Hyfe CoughMonitor Suite (CMS) V3+ Evidence Dossier

Effect of volume on cough detection

Context

Acoustic cough detection algorithms depend on the reliable capture audio events, ie vibrations in the air. The effective amplitude of these vibrations is strongly influenced by the sound pressure level (SPL) of the cough at the source. Variability in cough volume—between individuals, within individuals across contexts, and across disease states—introduces significant challenges for consistent detection.

  1. Reduced SNR and Subthreshold Events

Coughs vary in amplitude over a broad dynamic range (30–40 dB within-person differences are common).

Quieter coughs (low SPL) produce weaker mechanical–acoustic energy transmitted through the air.

These signals may fall near or below the sensor’s noise floor, yielding a poor signal-to-noise ratio (SNR) and making peak detection or subsequent classification unreliable.

Such subthreshold or low-SNR coughs may be particularly common in those with small lungs (children), fatigued patients, or individuals with obstructive lung disease.

  1. Variability in Spectral and Temporal Features

Cough SPL affects not only amplitude but also the shape of the acoustic waveform:

Higher-volume coughs typically exhibit sharper transients, stronger high-frequency energy, and more distinct multi-phase structure.

Low-volume coughs may appear muted, temporally smeared, or spectrally compressed.

Algorithms trained on high-SPL events may misclassify low-SPL events because their feature distributions diverge.

  1. Influence of Context and Physiology

Cough loudness is influenced by biological, contextual, and behavioural factors:

These factors create systematic SPL variations that can bias detection if the model does not account for volume.

  1. Interaction With External Noise

Low-SPL coughs are more susceptible to masking by environmental or garment-induced acoustic noise.

In low-amplitude events, even mild artefacts (fabric friction, arm movement) can dominate the waveform.

This increases false negatives, reduces temporal precision, and produces uncertainty in classifications.

Proposed Experiments to Quantify the Impact of Cough Volume on Acoustic Detection

To rigorously characterise how SPL affects wrist-based acoustic cough detection, a structured set of three experiments—progressing from controlled acoustic simulations to human studies and free-living validation—is proposed. This document will be updated upon the completion of these experiments in Q1 2026.

Experiment 1: Controlled Human Study With Standardised Cough SPL

Objective: Evaluate algorithmic performance across controlled cough volume levels in human participants.

Design Overview:

Participants perform voluntary coughs instructed to reach specific SPL bands (e.g., low, medium, high), monitored using a calibrated near-field microphone or spirometry-coupled cough meter.

Perform coughs across postures (seated, standing) to capture natural within-person variability.

Collect concurrent wrist acoustic signals and high-quality audio ground truth.

Analyse:

Sensitivity and precision as a function of SPL

Feature distributions for low vs high SPL events

Misclassification patterns driven by low-SPL coughs.

Rationale: This experiment links SPL-dependent changes in the acoustic signal to actual algorithmic behaviour, enabling identification of vulnerability ranges.

Experiment 2: Free-Living Study With Passive SPL Estimation

Objective: Assess the role of cough volume in real-world wrist-based detection accuracy.

Design Overview:

Participants wear the wrist device continuously for several days.

A subset uses an auxiliary audio reference (e.g., chest clip microphone or smartphone cough logger) capable of estimating relative SPL for labelled events.

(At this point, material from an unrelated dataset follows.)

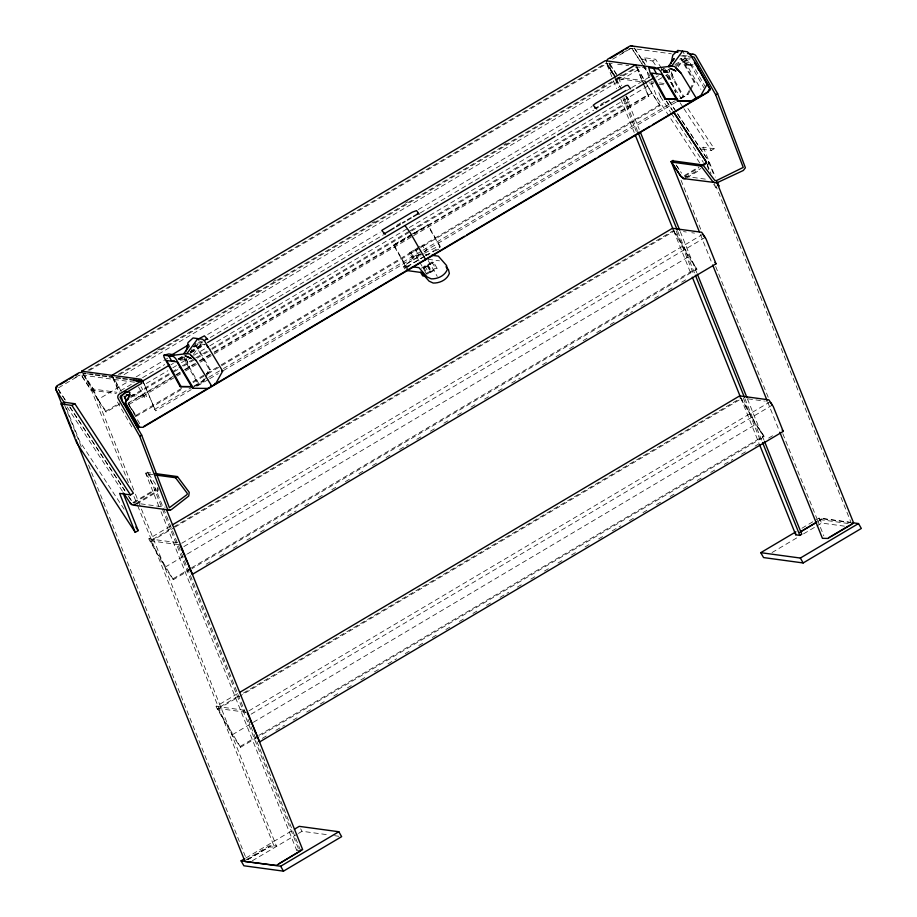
<?xml version="1.0" encoding="UTF-8"?>
<svg xmlns="http://www.w3.org/2000/svg" width="917" height="917" viewBox="0 0 917 917"><rect width="100%" height="100%" fill="white"/><g stroke="black" fill="none" stroke-linecap="round" stroke-linejoin="round"><path stroke-width="0.69" stroke-dasharray="4.58 3.44" d="M186.323 363.029L184.145 356.782L184.248 354.592M191.332 351.268L191.985 349.205M707.981 163.994L708.566 162.137M664.172 68.305L663.621 69.44L672.195 84.582M419.08 261.036L416.284 256.141L418.874 253.986M423.62 267.225L423.195 268.096L430.153 263.958L423.62 267.225L427.139 273.358L426.703 274.229L433.661 270.091L427.139 273.358M194.14 386.584L202.29 381.759L205.053 376.784M205.74 375.546L209.191 369.345L195.241 344.689M196.146 386.114L203.276 381.885L205.351 378.159M206.038 376.921L210.188 369.471L196.696 345.915M679.944 98.486L687.074 94.256L689.148 90.531M689.836 89.293L693.974 81.842L680.689 58.459M680.93 98.623L688.059 94.394L690.134 90.668M690.822 89.43L694.971 81.98L681.469 58.413M193.498 346.844L195.757 343.302L206.027 344.7M193.361 354.386L200.892 344.001L197.797 338.614M678.133 66.895L685.675 56.499L683.199 52.189M707.454 165.587L709.001 162.825L708.405 160.876L677.067 113.158M245.596 860.123L268.945 845.887L276.349 845.841L134.318 491.306M424.766 256.267L410.197 265.013L405.005 269.254L403.595 266.801L408.799 262.56L423.367 253.814M407.32 270.607L404.512 265.701L409.165 262.056L420.376 255.854M421.167 254.181L413.911 257.952L412.272 257.803L409.44 252.874L419.906 246.467M420.594 247.693L423.963 245.343L426.795 250.272L424.537 251.843M412.272 257.803L417.888 253.906L415.069 248.977M421.419 268.2L431.987 262.124L433.626 262.262L437.134 268.383L427.93 274.149M423.207 268.635L433.626 262.262M426.038 273.541L435.506 268.245L437.134 268.383M136.163 503.422L156.807 491.099L157.758 489.403L157.564 487.42M136.633 504.109L157.277 491.787L158.228 490.091L158.022 488.085M74.988 377.666L79.699 374.87L81.395 375.099L91.425 390.218L128.655 483.167M622.184 53.152L630.426 48.257L671.347 53.816M58.619 387.765L80.1 375.019M88.032 370.308L606.664 62.734L615.307 78.083M612.648 59.192L630.552 48.578L632.26 49.014L642.381 64.442M89.568 370.353L606.974 63.514M649.19 77.681L641.9 59.502L644.811 57.782L655.644 59.261L661.111 67.617M157.609 350.099L160.074 348.643M256.164 291.663L258.628 290.196M273.415 281.427L275.879 279.972M371.958 222.98L374.423 221.524M405.222 203.265L407.687 201.797M503.777 144.817L506.241 143.35M602.331 86.37L604.796 84.903M619.583 76.134L622.047 74.678M134.467 382.217L80.937 374.95L91.012 390.183L92.949 389.037L116.929 392.293M91.425 390.218L93.362 389.06L83.917 374.675M118.316 374.423L636.96 66.849L641.086 67.411M119.852 374.468L637.258 67.629L646.29 83.413M124.059 374.606L637.762 69.956L636.501 67.675M641.9 59.502L652.732 60.98L655.644 59.261M84.1 375.225L98.004 399.503L128.804 381.231M136.186 376.853L168.224 357.859M207.643 334.476L380.108 232.196M418.301 209.546L592.004 106.532M197.694 343.348L201.362 341.181M396.832 225.25L401.726 222.35M600.864 104.251L604.532 102.085M193.647 346.832L202.13 341.8M120.459 390.78L133.974 382.767M142.582 377.655L164.693 364.542M194.198 347.05L202.795 341.949M210.165 337.571L383.455 234.809M420.318 212.95L593.608 110.178M626.792 90.508L630.472 88.319M631.71 87.585L650.142 76.65M661.203 70.093L663.656 68.637M177.898 359.017L182.747 356.14M190.014 351.83L203.345 343.921M178.494 359.097L184.546 355.509M190.61 351.91L203.941 344.001M674.946 64.568L689.103 56.155M179.274 359.338L184.202 356.415M190.358 352.758L205.144 343.99M663.415 72.225L665.88 70.758L666.785 71.79L675.416 92.434M170.917 364.794L173.382 363.338M179.537 359.682L184.466 356.77M190.621 353.114L205.385 344.356M655.942 77.166L658.395 75.71M664.55 72.053L669.479 69.13M675.634 65.485L680.552 62.562L683.876 61.748L689.32 62.494L695.029 68.844L705.758 87.585M676.024 66.483L690.157 58.092M191.252 389.645L155.523 410.839L144.485 384.567L167.891 370.686M172.82 367.763L176.523 365.574M181.44 362.651L187.607 359.005M193.762 355.349L208.549 346.58M209.775 345.847L408.122 228.23M409.349 227.496L653.271 82.839M658.2 79.917L664.355 76.271M665.593 75.538L668.057 74.082M119.68 404.065L106.131 412.1L105.913 411.16L119.462 403.125M130.546 396.557L181.062 366.605M182.288 365.872L194.61 358.558M195.837 357.836L210.623 349.068M211.861 348.334L408.959 231.439M410.197 230.717L629.475 100.675L626.311 95.998M130.776 397.485L172.66 372.646M173.886 371.924L178.815 369.001M183.744 366.078L196.066 358.765M197.293 358.043L210.841 349.996M212.079 349.274L410.415 231.646M411.653 230.912L629.692 101.604L629.475 100.675M424.33 256.359L406.162 267.145L393.508 245.057L409.257 235.703M410.472 234.993L427.987 224.997L440.641 247.097M393.508 245.057L412.237 234.351M413.441 233.629L427.987 224.997M127.887 403.171L174.7 375.408M175.926 374.675L183.32 370.296M184.558 369.562L194.415 363.717M199.333 360.794L212.893 352.758M214.12 352.036L412.455 234.408M413.693 233.675L647.757 94.864L637.762 69.956M171.41 378.045L128.288 403.618L136.415 416.215L183.228 388.453M176.339 375.122L183.721 370.743M184.959 370.01L198.508 361.974M199.746 361.241L213.294 353.205M214.521 352.472L412.868 234.855M414.094 234.122L651.849 93.121L659.77 104.79L659.988 105.719L420.995 247.452M128.93 404.523L175.743 376.761M176.981 376.027L180.672 373.838M185.601 370.915L199.149 362.88M200.387 362.146L412.272 236.494M413.51 235.761L648.8 96.228L644.594 85.739M130.501 395.559L144.599 397.474L146.548 396.316L141.069 386.756M699.671 162.871L657.523 98.463L660.435 96.744L658.349 91.551M136.197 415.286L181.784 388.246M192.868 381.678L205.19 374.365M206.417 373.643L219.965 365.608M221.203 364.874L419.539 247.246M420.777 246.524L659.77 104.79M193.086 382.607L206.634 374.572M207.872 373.838L419.757 248.186M154.48 409.475L192.673 386.836M193.9 386.103L207.448 378.068M208.686 377.334L222.235 369.299M223.461 368.565L421.809 250.949M423.035 250.215L676.815 99.712M197.407 386L208.503 379.42M209.729 378.687L218.349 373.574M223.278 370.651L422.852 252.301M424.078 251.567L679.096 100.343M425.545 255.648L440.091 247.017L427.437 224.929M158.893 506.356L145.597 473.172L147.534 472.026L156.99 486.423M714.205 148.737L703.35 147.224L700.439 148.955L711.294 150.457L714.205 148.737L687.658 108.172M684.391 175.56L698.605 167.123M684.816 176.247L699.041 167.811M190.598 569.468L173.347 579.693L165.152 567.6L149.356 540.033L148.886 538.795L171.055 525.636M173.347 579.693L150.319 540.824L673.892 230.327L696.92 269.197L191.825 568.735M150.617 541.603L174.024 527.722M175.262 526.988L674.19 231.107M181.715 543.265L702.812 234.236M183.881 546.589L704.978 237.549M165.22 567.096L186.162 554.67M187.4 553.937L688.782 256.6M173.13 578.753L190.381 568.529M191.607 567.795L696.691 268.268M206.187 564.184L211.116 561.261M219.748 556.149L224.676 553.226M233.296 548.114L238.225 545.191M246.845 540.079L251.774 537.156M260.394 532.043L265.322 529.12M273.942 524.008L278.871 521.085M287.502 515.973L296.122 510.861M304.742 505.748L309.671 502.825M318.291 497.702L323.22 494.779M331.851 489.667L336.78 486.744M345.4 481.631L350.328 478.708M358.948 473.596L363.877 470.673M372.497 465.561L377.426 462.638M386.057 457.526L390.974 454.603M399.606 449.49L408.225 444.378M416.845 439.266L421.774 436.343M430.405 431.219L435.323 428.296M443.954 423.184L448.883 420.261M457.503 415.149L462.432 412.226M471.051 407.114L475.98 404.191M484.6 399.078L489.529 396.155M498.16 391.043L503.089 388.12M511.709 383.008L520.329 377.896M542.509 364.737L547.438 361.825M556.057 356.702L560.986 353.779M569.606 348.666L574.535 345.743M583.155 340.631L588.084 337.708M596.715 332.596L601.632 329.673M610.264 324.561L615.192 321.638M623.812 316.525L632.432 311.413M641.063 306.301L645.981 303.378M654.612 298.254L659.541 295.343M668.161 290.219L673.089 287.296M681.709 282.184L686.638 279.261M257.815 737.062L240.563 747.286L232.368 735.193L216.572 707.626L216.103 706.388L238.271 693.229M240.563 747.286L217.535 708.417L238.489 695.992M243.406 693.069L741.108 397.921L755.998 424.193L763.918 435.862L764.136 436.79L259.041 736.328M217.845 709.196L741.406 398.7M248.931 710.858L770.028 401.829L765.901 401.268M251.098 714.183L772.206 405.142M232.437 734.689L252.152 722.997M253.379 722.264L755.998 424.193M240.346 746.346L257.597 736.122M258.823 735.388L763.918 435.862M262.319 738.357L267.248 735.434M275.879 730.322L284.499 725.209M293.119 720.097L298.048 717.174M306.668 712.062L311.597 709.139M320.228 704.015L325.145 701.092M333.777 695.98L338.705 693.057M347.325 687.945L352.254 685.022M360.874 679.91L365.803 676.987M374.423 671.874L379.351 668.952M387.983 663.839L396.603 658.727M405.222 653.615L410.151 650.692M418.771 645.579L423.7 642.657M432.331 637.533L437.26 634.61M445.88 629.498L450.809 626.575M459.428 621.462L464.357 618.539M472.977 613.427L477.906 610.504M486.537 605.392L491.455 602.469M500.086 597.357L508.706 592.244M517.326 587.132L522.254 584.209M530.886 579.097L535.803 576.174M544.434 571.05L549.363 568.139M557.983 563.015L562.912 560.092M571.532 554.98L576.461 552.057M585.08 546.945L590.009 544.022M598.641 538.909L603.569 535.986M612.189 530.874L620.809 525.762M629.429 520.65L634.358 517.727M642.989 512.614L647.918 509.692M656.538 504.568L661.466 501.656M670.086 496.533L675.015 493.61M683.635 488.497L688.564 485.574M697.195 480.462L702.113 477.539M710.744 472.427L715.673 469.504M724.292 464.392L732.912 459.279M741.544 454.167L746.461 451.244M755.092 446.132L760.021 443.209M768.641 438.085L773.57 435.174M245.916 857.98L291.973 830.676M801.962 528.226L818.927 518.162L850.036 522.392M247.75 859.527L271.145 845.657M818.228 521.211L822.434 518.804M247.693 859.733L269.174 846.999L274.412 846.999L276.349 845.841M252.358 860.742L297.2 834.149M298.415 833.427L302.048 831.272L328.916 834.917M772.045 552.538L797.503 537.454M803.556 533.854L815.683 526.667M816.887 525.945L821.735 523.08L844.362 526.152M161.014 511.675L296.615 850.151L298.552 849.004L302.45 849.532M685.079 177.806L700.92 168.476M686.741 177.795L700.141 169.897M424.525 253.149L437.524 246.673L440.091 247.017M425.924 255.602L434.154 251.304M409.44 252.874L411.08 253.023L417.132 249.882M416.284 256.141L420.341 254.112M689.32 62.494L686.34 63.353L685.744 65.279L691.533 65.199L693.493 64.224L685.744 65.279L684.495 63.537L684.162 60.809L690.077 59.181L684.735 58.459L679.635 59.158M435.346 250.765L438.934 249.126M819.981 520.34L821.277 519.767L851.641 523.974L715.799 185.647M819.236 519.538L821.919 519.022M663.404 71.893L669.616 71.125M178.62 359.395L186.082 358.467L189.429 367.224L199.195 384.303L198.21 384.177L187.87 366.101L184.157 356.77M664.997 72.718L671.989 71.847M180.213 360.209L188.604 359.177M128.93 496.842L132.816 502.757L134.111 502.837L155.443 490.194L155.924 489.048L145.597 473.172M423.963 245.343L422.336 245.206L425.156 250.135L426.795 250.272M682.638 55.352L688.277 56.12M680.529 55.811L690.81 57.198M609.427 63.101L612.178 63.479M617.691 64.224L624.58 65.153M625.956 65.336L628.707 65.715M642.462 67.594L646.6 68.156M663.129 70.391L665.88 70.758M693.974 81.842L694.971 81.98M645.408 80.948L618.608 77.303L616.671 78.449L643.47 82.094M651.047 81.716L653.867 82.094M659.506 82.862L666.556 83.825M649.11 82.862L653.34 83.436M658.979 84.204L666.029 85.166M687.074 94.256L688.059 94.394M684.884 176.351L708.016 179.491M683.532 231.634L686.283 232.001M691.796 232.746L694.547 233.113M425.213 254.376L429.145 254.903M428.136 259.293L439.461 260.841M404.512 265.701L409.761 266.411M403.595 266.801L406.162 267.145M747.997 398.849L764.526 401.084M209.191 369.345L210.188 369.471M202.29 381.759L203.276 381.885M87.241 373.781L89.992 374.159M132.438 394.402L146.548 396.316M91.012 390.183L116.402 393.634M150.72 472.943L147.901 472.553L145.963 473.711L153.001 474.662M132.816 502.757L165.175 507.147M148.886 538.795L178.127 542.761M150.319 540.824L179.251 544.732M216.103 706.388L245.343 710.354M217.535 708.417L246.467 712.326M334.567 835.685L338.82 836.27M823.214 518.621L850.804 522.392M296.615 850.151L300.638 850.747M684.495 63.537L691.533 65.199M630.426 48.257L632.042 48.693L642.198 64.156M684.735 58.459L688.827 61.599L703.809 87.631M683.876 61.748L686.374 64.121L700.897 89.362M664.756 68.798L669.101 75.435L675.932 92.468M647.757 94.864L648.8 96.228M659.988 105.719L646.978 85.247M625.967 96.113L629.692 101.604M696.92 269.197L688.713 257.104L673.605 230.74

Real-world coughs are stratified into SPL categories (e.g., quiet, moderate, loud) based on reference measurements.

Evaluate:

Detection rates across SPL levels

SPL–SNR interactions with environmental noise and activity

Whether SPL-aware preprocessing (e.g., dynamic gain compensation) improves detection.

Rationale: This quantifies the extent to which SPL variability—particularly the prevalence of mild, quiet, or suppressed coughs—limits performance under ecologically valid conditions.

Summary

Cough SPL (volume, in decibels) critically shapes the detectability of body-borne acoustic signatures at the wrist. Low-SPL coughs produce weak, spectrally altered vibrations that are easily masked by noise and may fall below detection thresholds, while high-SPL coughs yield clearer, more discriminable features. The proposed two-stage experimental programme—controlled human studies with calibrated cough volumes, and free-living SPL-aware validation—enables a comprehensive characterisation of these effects and can inform the development of SPL-robust acoustic detection algorithms. As results come in from these experiments, results will be posted to this document.